One Day the Musical Review: Engaging Drama, Frustrating Sound

Image

Rating: 3.5 out of 5.

David Nicholls’ 2009 best-selling novel, One Day, has already been adapted into a feature film and a major television series. Now, it takes to the stage. Serving as the flagship opening for James Brining’s inaugural season as Artistic Director, and marking the Lyceum’s 60th anniversary, the production arrives with considerable weight.


There is much to like in David Greig’s stage adaptation, which charts Dexter (Jamie Muscato) and Emma’s (Sharon Rose) 16-year off/on relationship from meet-cute to elegy. It makes for an authentically human journey—one that proves more captivating than truly heartbreaking.

Laced with comedy, strife and tragedy, the production operates wonderfully as a ‘Sadcom’, to borrow Mackenzie Crook’s term for the simply perfect Detectorists. As a musical, however, One Day is sadly underwhelming, let down by a sound mix that is simply not fit for purpose.

The Liberty to be Problematic

Aside from these immediate audio issues, there is much to admire. It’s refreshing to see a quasi-romance on stage free from lead characters designed to be likeable. Both Dexter and Emma prove to be pretty horribly flawed. As the timeline winds through the 90s and into the 2000s, Dexter dives headfirst into a toxic mix of lad-pleasing television and drug addiction. Rose, meanwhile, arms Emma with a defensive, socially aware sarcasm, waiting years for her brand of fiction to find an audience.

As a musical, however, One Day is sadly underwhelming, let down by a sound mix that is simply not fit for purpose.
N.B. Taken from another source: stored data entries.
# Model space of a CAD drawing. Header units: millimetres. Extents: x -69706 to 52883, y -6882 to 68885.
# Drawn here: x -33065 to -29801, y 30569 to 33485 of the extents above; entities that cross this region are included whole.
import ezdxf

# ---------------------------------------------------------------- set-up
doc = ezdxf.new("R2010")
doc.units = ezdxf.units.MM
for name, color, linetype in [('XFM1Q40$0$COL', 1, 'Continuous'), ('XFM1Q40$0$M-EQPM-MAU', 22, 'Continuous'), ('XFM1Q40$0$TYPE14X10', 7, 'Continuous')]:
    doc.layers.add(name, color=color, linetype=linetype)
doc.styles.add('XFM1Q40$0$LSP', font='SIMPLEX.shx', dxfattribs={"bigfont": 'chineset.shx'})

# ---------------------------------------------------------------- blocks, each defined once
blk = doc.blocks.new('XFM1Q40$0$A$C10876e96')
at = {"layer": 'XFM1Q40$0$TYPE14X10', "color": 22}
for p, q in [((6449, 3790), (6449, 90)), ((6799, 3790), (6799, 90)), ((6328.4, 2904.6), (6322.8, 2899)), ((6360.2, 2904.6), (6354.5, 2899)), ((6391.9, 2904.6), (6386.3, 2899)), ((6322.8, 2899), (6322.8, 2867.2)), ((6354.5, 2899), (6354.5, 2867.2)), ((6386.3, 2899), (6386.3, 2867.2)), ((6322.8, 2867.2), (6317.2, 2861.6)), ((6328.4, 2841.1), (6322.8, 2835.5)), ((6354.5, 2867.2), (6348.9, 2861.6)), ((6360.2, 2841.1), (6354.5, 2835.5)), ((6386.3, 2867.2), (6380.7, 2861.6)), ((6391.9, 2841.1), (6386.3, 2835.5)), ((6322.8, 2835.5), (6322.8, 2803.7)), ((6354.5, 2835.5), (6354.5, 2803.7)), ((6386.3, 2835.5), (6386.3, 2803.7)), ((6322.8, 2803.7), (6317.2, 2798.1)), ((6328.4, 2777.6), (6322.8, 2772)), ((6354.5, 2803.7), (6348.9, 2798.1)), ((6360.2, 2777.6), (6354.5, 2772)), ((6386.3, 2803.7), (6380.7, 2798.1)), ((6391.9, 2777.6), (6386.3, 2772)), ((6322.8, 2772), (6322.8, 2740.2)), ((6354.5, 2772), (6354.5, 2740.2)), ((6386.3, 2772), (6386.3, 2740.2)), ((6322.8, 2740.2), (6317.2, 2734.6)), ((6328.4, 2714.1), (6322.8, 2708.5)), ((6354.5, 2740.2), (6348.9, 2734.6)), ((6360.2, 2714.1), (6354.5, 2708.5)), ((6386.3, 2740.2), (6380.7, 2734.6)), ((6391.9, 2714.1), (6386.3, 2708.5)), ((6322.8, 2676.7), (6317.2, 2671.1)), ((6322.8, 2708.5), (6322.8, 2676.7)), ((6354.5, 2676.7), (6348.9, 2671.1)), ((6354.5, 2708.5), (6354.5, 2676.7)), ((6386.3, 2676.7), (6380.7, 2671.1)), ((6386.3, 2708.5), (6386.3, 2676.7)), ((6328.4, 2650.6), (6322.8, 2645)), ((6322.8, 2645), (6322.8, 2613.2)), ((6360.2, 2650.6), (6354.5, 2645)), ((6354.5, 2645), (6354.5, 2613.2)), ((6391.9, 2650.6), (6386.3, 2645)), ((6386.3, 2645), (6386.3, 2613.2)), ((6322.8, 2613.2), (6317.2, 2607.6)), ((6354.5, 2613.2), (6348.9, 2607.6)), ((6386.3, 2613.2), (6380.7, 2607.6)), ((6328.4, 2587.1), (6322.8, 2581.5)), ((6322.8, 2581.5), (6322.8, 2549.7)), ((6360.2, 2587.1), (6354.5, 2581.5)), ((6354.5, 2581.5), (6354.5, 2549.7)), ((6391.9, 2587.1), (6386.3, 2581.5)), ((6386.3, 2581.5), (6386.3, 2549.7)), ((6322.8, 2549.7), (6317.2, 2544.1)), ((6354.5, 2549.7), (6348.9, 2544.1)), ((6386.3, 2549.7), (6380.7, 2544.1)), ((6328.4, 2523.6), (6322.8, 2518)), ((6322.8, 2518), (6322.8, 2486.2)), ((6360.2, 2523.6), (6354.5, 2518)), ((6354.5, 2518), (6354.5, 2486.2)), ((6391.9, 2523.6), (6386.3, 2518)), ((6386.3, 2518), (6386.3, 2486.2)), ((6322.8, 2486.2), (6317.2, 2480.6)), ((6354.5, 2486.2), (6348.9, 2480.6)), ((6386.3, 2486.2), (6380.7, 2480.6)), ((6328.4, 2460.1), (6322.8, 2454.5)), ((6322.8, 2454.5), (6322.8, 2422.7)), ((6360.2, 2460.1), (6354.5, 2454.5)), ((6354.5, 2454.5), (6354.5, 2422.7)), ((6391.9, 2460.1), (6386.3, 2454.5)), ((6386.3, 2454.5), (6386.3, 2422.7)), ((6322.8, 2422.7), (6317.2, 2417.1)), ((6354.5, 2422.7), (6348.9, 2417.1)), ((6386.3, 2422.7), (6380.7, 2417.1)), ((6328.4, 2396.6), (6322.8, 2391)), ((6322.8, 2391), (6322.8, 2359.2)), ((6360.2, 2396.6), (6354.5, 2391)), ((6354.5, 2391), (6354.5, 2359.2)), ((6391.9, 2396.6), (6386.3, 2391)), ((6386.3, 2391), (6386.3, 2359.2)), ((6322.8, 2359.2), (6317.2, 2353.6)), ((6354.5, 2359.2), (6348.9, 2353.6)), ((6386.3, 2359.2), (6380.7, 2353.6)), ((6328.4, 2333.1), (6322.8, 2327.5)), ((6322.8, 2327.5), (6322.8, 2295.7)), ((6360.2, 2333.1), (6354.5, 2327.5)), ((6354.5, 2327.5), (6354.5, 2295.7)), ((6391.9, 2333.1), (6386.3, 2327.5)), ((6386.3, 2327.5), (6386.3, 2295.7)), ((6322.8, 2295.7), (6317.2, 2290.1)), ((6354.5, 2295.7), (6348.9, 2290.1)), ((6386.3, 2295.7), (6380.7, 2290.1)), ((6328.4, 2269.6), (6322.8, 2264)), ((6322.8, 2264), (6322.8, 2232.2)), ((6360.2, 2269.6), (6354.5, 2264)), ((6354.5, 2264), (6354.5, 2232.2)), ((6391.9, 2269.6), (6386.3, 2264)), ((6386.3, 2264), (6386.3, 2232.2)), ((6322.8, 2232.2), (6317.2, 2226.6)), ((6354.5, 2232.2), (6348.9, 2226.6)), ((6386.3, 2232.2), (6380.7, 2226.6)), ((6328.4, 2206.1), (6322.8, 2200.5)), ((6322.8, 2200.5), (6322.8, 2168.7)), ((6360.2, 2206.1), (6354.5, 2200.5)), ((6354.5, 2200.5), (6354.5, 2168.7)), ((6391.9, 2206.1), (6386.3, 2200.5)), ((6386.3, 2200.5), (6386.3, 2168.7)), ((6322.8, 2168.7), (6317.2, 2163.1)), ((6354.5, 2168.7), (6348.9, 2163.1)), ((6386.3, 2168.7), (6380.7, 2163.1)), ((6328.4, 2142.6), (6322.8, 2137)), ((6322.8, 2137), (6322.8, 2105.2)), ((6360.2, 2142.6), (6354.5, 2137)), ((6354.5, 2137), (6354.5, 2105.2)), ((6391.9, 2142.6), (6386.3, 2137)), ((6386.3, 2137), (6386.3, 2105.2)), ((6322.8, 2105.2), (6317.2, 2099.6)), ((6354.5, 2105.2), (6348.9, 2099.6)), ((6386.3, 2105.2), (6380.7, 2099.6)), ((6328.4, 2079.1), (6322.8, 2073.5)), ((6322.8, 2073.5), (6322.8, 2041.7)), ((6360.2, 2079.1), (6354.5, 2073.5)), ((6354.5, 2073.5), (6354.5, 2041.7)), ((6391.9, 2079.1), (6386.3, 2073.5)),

In fact, they are problematic to the point where their ultimate union feels like the best solution to keep others safe from their toxic, quite dysfunctional co-dependency. This liberty to be difficult injects life into their dialogue. The script is genuinely funny, the banter between Dexter and Em alive with sharply well-timed lines which effortlessly curdle into cutting barbs when things turn sour.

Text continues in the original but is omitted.